Isso cria `ohlcv_candles` se ainda não existir (ver `migrations/`).


In [None]:
def run_migrations(db_url: str) -> None:
    cmd = [
        "cargo",
        "run",
        "-q",
        "-p",
        "kairos-ingest",
        "--",
        "migrate",
        "--db-url",
        db_url,
    ]
    subprocess.run(cmd, check=True)


run_migrations(DB_URL)
print("migrations OK")


## Helpers: meses, URL e download

Usamos o dataset público do Binance Vision (evita rate-limit e API keys).


In [None]:
def parse_rfc3339(ts: str) -> dt.datetime:
    ts = ts.strip()
    if ts.endswith("Z"):
        ts = ts[:-1] + "+00:00"
    return dt.datetime.fromisoformat(ts).astimezone(dt.timezone.utc)

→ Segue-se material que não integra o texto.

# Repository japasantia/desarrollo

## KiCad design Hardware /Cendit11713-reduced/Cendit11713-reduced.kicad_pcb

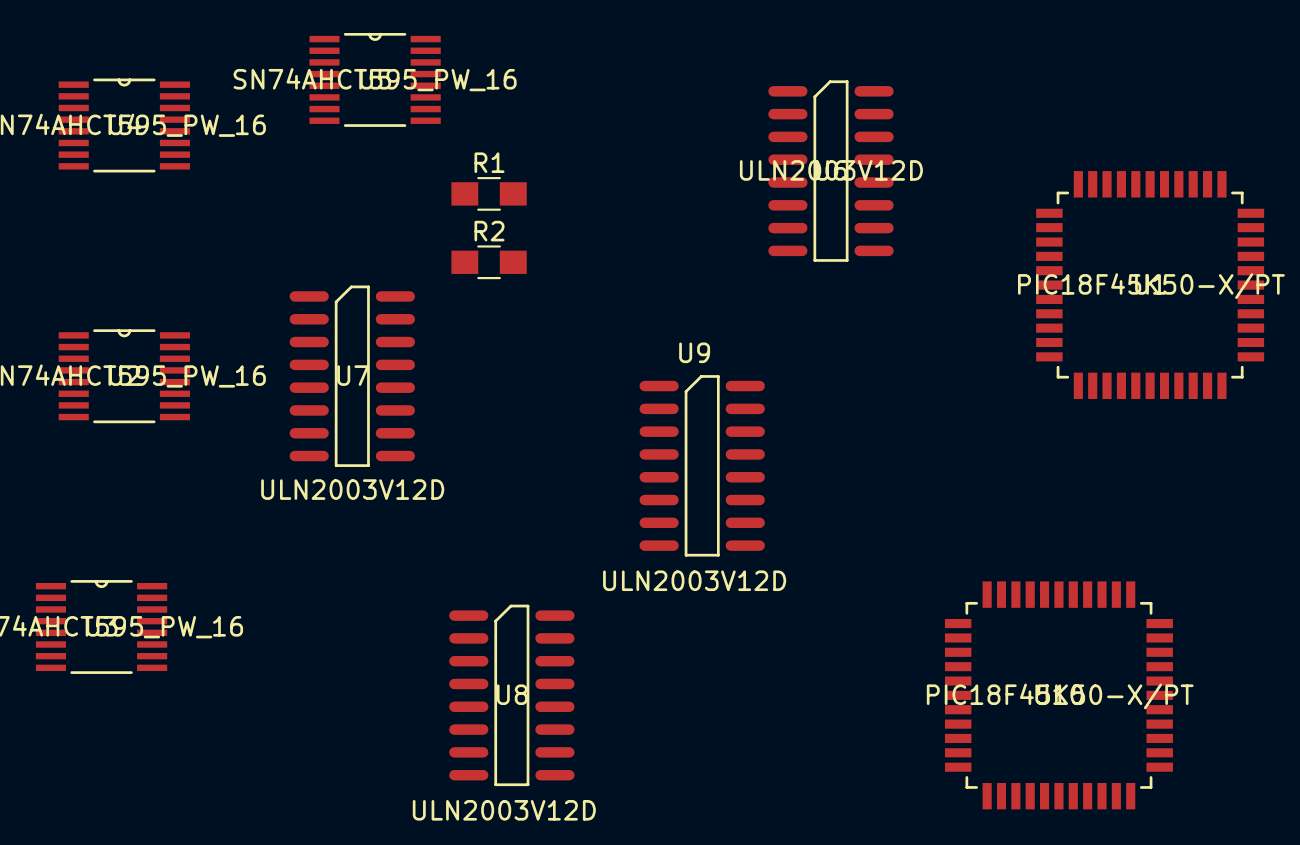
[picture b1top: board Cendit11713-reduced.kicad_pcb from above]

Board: 2 copper layers, 12 parts (0 on the bottom side), 57 nets, no tracks yet.

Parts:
R1, R2: R; R_0805_HandSoldering
U1, U10: PIC18F45K50-X/PT; PIC18F45K50-X_PT
U2, U3, U4, U5: SN74AHCT595_PW_16
U6, U7, U8, U9: ULN2003V12D; ULN2003V12DR

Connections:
+5V: U1.28, U4.16, U5.16, U10.28
/BX0: U4.15, U6.1, U8.1
/BX1: U6.2, U8.2
/BX2: U6.3, U8.3
/BX3: U6.4, U8.4
/BX4: U6.5, U8.5
/BX6: U6.7, U8.7
/BX7: U7.1, U9.1
/BX8: U4.9, U7.2, U9.2
/BX9: U5.15, U7.3, U9.3
/BX10: U5.1, U7.4, U9.4
/BX11: U5.2, U7.5, U9.5
/BX12: U5.3, U7.6, U9.6
/BX13: U5.4, U7.7, U9.7
GND: U1.29, U4.8, U5.8, U6.8, U7.8, U8.8, U9.8, U10.29
unnamed: R1.1, R2.1, U1.41, U10.41
unnamed: R1.2, R2.2, U1.35, U10.35
unnamed: U1.1, U10.1
unnamed: U1.2, U10.2
unnamed: U1.3, U10.3
unnamed: U1.4, U10.4
unnamed: U1.5, U10.5
unnamed: U1.6, U10.6
unnamed: U1.7, U10.7
unnamed: U1.8, U10.8
unnamed: U1.9, U10.9
unnamed: U1.10, U10.10
unnamed: U1.11, U10.11
unnamed: U1.12, U10.12
unnamed: U1.13, U10.13
unnamed: U1.14, U10.14
unnamed: U1.15, U10.15
unnamed: U1.16, U10.16
unnamed: U1.17, U10.17
unnamed: U1.18, U10.18
unnamed: U1.19, U10.19
unnamed: U1.20, U10.20
unnamed: U1.21, U10.21
unnamed: U1.22, U10.22
unnamed: U1.23, U10.23
unnamed: U1.24, U10.24
unnamed: U1.25, U10.25
unnamed: U1.26, U10.26
unnamed: U1.27, U10.27
unnamed: U1.30, U10.30
unnamed: U1.31, U10.31
unnamed: U1.32, U10.32
unnamed: U1.33, U10.33
unnamed: U1.34, U10.34
unnamed: U1.36, U10.36
unnamed: U1.37, U10.37
unnamed: U1.38, U10.38
unnamed: U1.39, U10.39
unnamed: U1.40, U10.40
unnamed: U1.42, U10.42
unnamed: U1.43, U10.43
unnamed: U1.44, U10.44

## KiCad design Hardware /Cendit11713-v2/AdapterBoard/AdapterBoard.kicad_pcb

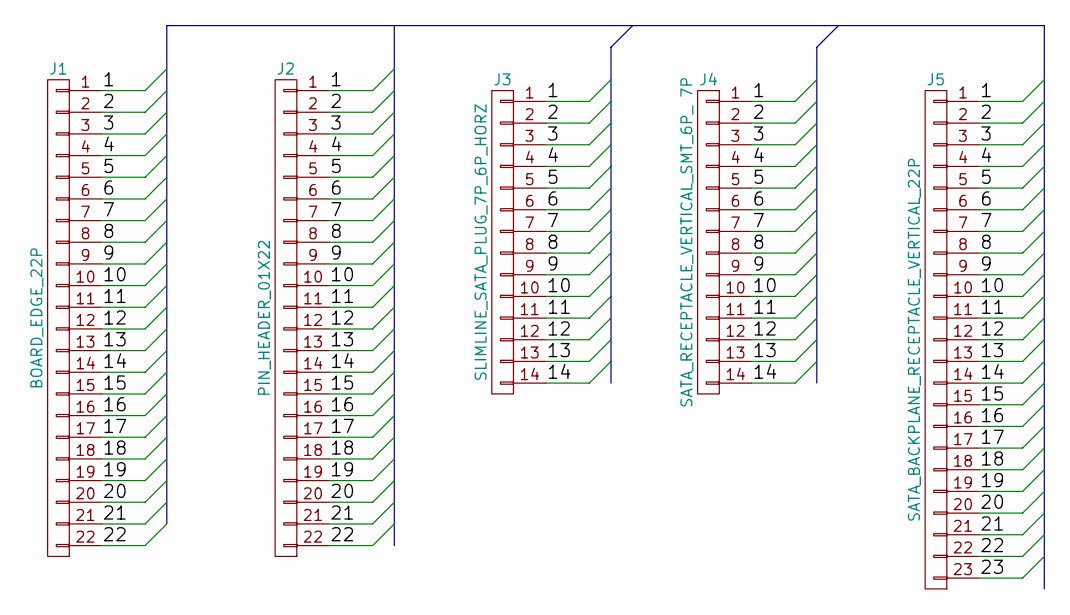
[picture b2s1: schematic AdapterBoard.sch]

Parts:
J1: BOARD_EDGE_22P; CARD_EDGE_22P
J2: PIN_HEADER_01X22; Pin_Header_Straight_1x22_Pitch2.54mm
J3: SLIMLINE_SATA_PLUG_7P_6P_HORZ; SLIMLINE_SATA_PLUG_7P_6P
J4: SATA_RECEPTACLE_VERTICAL_SMT_6P_ 7P; SATA_RECEPTACLE_VERTICAL_SMT_6P_7P
J5: SATA_BACKPLANE_RECEPTACLE_VERTICAL_22P

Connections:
/1: J1.1, J2.1, J3.1, J4.1, J5.1
/2: J1.2, J2.2, J3.2, J4.2, J5.2
/3: J1.3, J2.3, J3.3, J4.3, J5.3
/4: J1.4, J2.4, J3.4, J4.4, J5.4
/5: J1.5, J2.5, J3.5, J4.5, J5.5
/6: J1.6, J2.6, J3.6, J4.6, J5.6
/7: J1.7, J2.7, J3.7, J4.7, J5.7
/8: J1.8, J2.8, J3.8, J4.8, J5.8
/9: J1.9, J2.9, J3.9, J4.9, J5.9
/10: J1.10, J2.10, J3.10, J4.10, J5.10
/11: J1.11, J2.11, J3.11, J4.11, J5.11
/12: J1.12, J2.12, J3.12, J4.12, J5.12
/13: J1.13, J2.13, J3.13, J4.13, J5.13
/14: J1.14, J2.14, J3.14, J4.14, J5.14
/15: J1.15, J2.15, J5.15
/16: J1.16, J2.16, J5.16
/17: J1.17, J2.17, J5.17
/18: J1.18, J2.18, J5.18
/19: J1.19, J2.19, J5.19
/20: J1.20, J2.20, J5.20
/21: J1.21, J2.21, J5.21
/22: J1.22, J2.22, J5.22
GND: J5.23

def iter_months(start: dt.datetime, end: dt.datetime) -> list[str]:
    # inclusive start month, exclusive end month
    cur = dt.datetime(start.year, start.month, 1, tzinfo=dt.timezone.utc)
    end_month = dt.datetime(end.year, end.month, 1, tzinfo=dt.timezone.utc)
    out: list[str] = []
    while cur <= end_month:
        out.append(f"{cur.year:04d}-{cur.month:02d}")
        if cur.month == 12:
            cur = dt.datetime(cur.year + 1, 1, 1, tzinfo=dt.timezone.utc)
        else:
            cur = dt.datetime(cur.year, cur.month + 1, 1, tzinfo=dt.timezone.utc)
    return out


def vision_monthly_url(symbol: str, timeframe: str, yyyy_mm: str) -> str:
    # Example:
    # https://data.binance.vision/data/spot/monthly/klines/BTCUSDT/1m/BTCUSDT-1m-2024-01.zip
    return (
        "https://data.binance.vision/data/spot/monthly/klines/"
        f"{symbol}/{timeframe}/{symbol}-{timeframe}-{yyyy_mm}.zip"
    )


def download_if_missing(url: str, dest: Path, *, timeout_s: int = 60) -> Path:
    dest.parent.mkdir(parents=True, exist_ok=True)
    if dest.exists() and dest.stat().st_size > 0:
        return dest

    r = requests.get(url, stream=True, timeout=timeout_s)
    if r.status_code != 200:
        raise RuntimeError(f"download failed: {url} status={r.status_code}")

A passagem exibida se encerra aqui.